* WHAT THE EXERCISE ASKS *
For the entries below, the expected answer is the line with "world_world.color = (0.05088, 0.05088, 0.05088)", the line with "me_cube_001 = bpy.data.meshes.new('Cube.001')", and every line between them, exactly as written, and nothing more.

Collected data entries
● ● ● ● ●
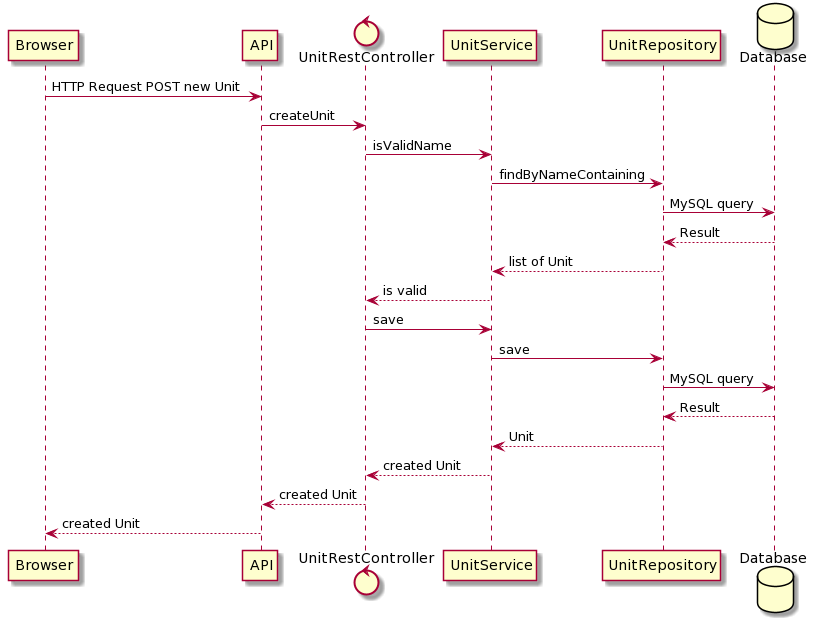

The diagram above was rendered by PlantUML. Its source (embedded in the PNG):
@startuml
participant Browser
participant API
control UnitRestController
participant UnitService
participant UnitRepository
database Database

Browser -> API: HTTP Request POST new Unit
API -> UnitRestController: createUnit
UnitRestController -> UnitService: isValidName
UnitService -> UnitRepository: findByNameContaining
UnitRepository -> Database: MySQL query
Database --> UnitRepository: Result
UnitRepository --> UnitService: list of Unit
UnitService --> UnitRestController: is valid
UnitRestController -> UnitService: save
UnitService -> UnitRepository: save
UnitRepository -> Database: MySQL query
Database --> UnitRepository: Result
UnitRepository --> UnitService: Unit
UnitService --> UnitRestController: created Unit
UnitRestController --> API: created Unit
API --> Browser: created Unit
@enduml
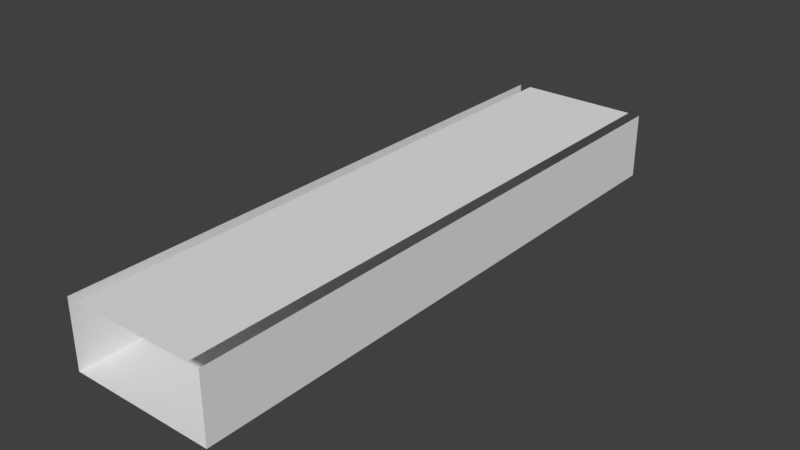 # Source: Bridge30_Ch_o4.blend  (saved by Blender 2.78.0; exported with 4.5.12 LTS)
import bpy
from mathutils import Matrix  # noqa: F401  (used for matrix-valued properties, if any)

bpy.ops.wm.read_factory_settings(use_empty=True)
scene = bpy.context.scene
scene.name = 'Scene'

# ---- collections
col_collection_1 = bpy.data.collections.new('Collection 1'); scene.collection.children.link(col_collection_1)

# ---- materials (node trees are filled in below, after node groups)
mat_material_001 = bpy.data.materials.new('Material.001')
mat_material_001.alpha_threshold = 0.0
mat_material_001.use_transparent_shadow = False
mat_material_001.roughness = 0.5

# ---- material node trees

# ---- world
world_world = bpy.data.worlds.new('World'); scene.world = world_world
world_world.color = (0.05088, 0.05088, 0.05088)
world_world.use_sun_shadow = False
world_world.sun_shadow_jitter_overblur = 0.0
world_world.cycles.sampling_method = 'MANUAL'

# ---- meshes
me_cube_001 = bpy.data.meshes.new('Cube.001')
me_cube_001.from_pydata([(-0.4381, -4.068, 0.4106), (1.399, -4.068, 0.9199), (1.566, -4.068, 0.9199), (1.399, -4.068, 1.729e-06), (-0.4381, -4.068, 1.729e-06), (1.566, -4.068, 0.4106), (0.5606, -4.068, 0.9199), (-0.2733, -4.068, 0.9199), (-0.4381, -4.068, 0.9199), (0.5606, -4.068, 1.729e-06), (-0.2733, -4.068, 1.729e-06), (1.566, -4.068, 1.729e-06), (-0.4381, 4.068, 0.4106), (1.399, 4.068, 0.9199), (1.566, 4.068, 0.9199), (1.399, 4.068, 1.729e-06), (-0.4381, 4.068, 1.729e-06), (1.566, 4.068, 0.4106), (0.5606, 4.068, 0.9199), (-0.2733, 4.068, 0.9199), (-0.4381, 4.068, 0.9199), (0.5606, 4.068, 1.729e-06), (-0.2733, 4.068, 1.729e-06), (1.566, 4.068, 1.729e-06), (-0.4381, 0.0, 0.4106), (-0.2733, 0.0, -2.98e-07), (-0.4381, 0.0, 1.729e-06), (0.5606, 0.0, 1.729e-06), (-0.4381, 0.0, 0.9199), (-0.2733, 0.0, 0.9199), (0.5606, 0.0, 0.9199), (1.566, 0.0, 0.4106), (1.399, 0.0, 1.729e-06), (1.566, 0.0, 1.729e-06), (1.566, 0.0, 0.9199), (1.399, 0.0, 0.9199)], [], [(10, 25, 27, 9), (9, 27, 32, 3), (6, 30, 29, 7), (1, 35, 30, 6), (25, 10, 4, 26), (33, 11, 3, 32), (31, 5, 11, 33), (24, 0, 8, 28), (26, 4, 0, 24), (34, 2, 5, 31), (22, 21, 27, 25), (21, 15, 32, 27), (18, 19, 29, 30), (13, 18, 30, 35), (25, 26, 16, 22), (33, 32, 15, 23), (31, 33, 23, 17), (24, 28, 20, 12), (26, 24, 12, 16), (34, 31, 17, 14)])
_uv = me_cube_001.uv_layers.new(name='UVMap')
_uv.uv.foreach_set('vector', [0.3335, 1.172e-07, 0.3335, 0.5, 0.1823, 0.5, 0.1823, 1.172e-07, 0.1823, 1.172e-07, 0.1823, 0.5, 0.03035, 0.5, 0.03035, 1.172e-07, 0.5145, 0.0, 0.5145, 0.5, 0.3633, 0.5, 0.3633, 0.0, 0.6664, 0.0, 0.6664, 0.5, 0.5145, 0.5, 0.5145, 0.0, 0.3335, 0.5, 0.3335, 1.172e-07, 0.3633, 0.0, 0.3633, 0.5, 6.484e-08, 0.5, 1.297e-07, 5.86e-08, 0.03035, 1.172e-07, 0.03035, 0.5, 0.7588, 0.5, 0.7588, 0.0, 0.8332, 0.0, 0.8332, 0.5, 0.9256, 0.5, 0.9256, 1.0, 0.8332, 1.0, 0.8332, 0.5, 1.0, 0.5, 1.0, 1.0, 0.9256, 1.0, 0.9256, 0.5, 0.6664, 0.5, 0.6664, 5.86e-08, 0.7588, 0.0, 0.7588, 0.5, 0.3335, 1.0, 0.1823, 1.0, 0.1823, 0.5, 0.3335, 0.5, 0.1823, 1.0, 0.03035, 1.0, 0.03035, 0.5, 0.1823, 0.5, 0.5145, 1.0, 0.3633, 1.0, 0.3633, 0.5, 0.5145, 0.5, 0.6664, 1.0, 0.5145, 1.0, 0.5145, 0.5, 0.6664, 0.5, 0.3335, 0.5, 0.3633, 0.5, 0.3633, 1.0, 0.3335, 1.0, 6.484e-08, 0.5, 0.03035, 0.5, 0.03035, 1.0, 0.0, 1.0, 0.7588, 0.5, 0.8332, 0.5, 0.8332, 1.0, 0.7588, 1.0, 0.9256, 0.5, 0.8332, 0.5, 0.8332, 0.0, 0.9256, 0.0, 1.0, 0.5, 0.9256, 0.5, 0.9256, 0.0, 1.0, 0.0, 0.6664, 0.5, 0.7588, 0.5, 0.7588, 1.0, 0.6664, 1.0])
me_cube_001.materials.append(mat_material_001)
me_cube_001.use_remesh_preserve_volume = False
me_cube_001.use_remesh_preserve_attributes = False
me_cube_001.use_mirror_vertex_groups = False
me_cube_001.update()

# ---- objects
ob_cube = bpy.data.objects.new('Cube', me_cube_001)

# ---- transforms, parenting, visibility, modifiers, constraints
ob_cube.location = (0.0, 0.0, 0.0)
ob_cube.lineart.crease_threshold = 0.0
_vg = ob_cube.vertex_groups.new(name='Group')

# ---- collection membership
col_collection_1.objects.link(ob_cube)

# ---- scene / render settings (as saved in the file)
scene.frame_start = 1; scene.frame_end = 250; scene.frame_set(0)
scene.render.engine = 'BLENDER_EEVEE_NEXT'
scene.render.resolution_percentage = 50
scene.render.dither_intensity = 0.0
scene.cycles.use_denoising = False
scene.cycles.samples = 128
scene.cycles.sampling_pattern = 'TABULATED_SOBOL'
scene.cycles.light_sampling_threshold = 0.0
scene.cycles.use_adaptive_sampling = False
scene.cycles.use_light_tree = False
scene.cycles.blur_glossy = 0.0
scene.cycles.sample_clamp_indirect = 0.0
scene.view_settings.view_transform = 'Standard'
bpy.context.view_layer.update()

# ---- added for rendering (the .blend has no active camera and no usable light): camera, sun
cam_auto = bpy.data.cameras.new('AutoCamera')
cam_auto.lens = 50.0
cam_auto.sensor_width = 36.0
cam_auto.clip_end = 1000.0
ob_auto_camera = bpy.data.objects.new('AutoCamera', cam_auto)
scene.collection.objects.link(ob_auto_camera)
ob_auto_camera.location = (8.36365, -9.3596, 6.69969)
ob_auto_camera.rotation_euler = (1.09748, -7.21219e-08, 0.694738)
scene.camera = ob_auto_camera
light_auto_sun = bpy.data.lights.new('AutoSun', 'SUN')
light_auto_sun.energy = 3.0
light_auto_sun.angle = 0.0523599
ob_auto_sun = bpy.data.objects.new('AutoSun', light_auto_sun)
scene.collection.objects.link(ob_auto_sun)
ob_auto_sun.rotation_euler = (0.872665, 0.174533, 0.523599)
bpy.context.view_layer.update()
● ● ● ● ●
* ANSWER BELOW *
world_world.color = (0.05088, 0.05088, 0.05088)
world_world.use_sun_shadow = False
world_world.sun_shadow_jitter_overblur = 0.0
world_world.cycles.sampling_method = 'MANUAL'

# ---- meshes
me_cube_001 = bpy.data.meshes.new('Cube.001')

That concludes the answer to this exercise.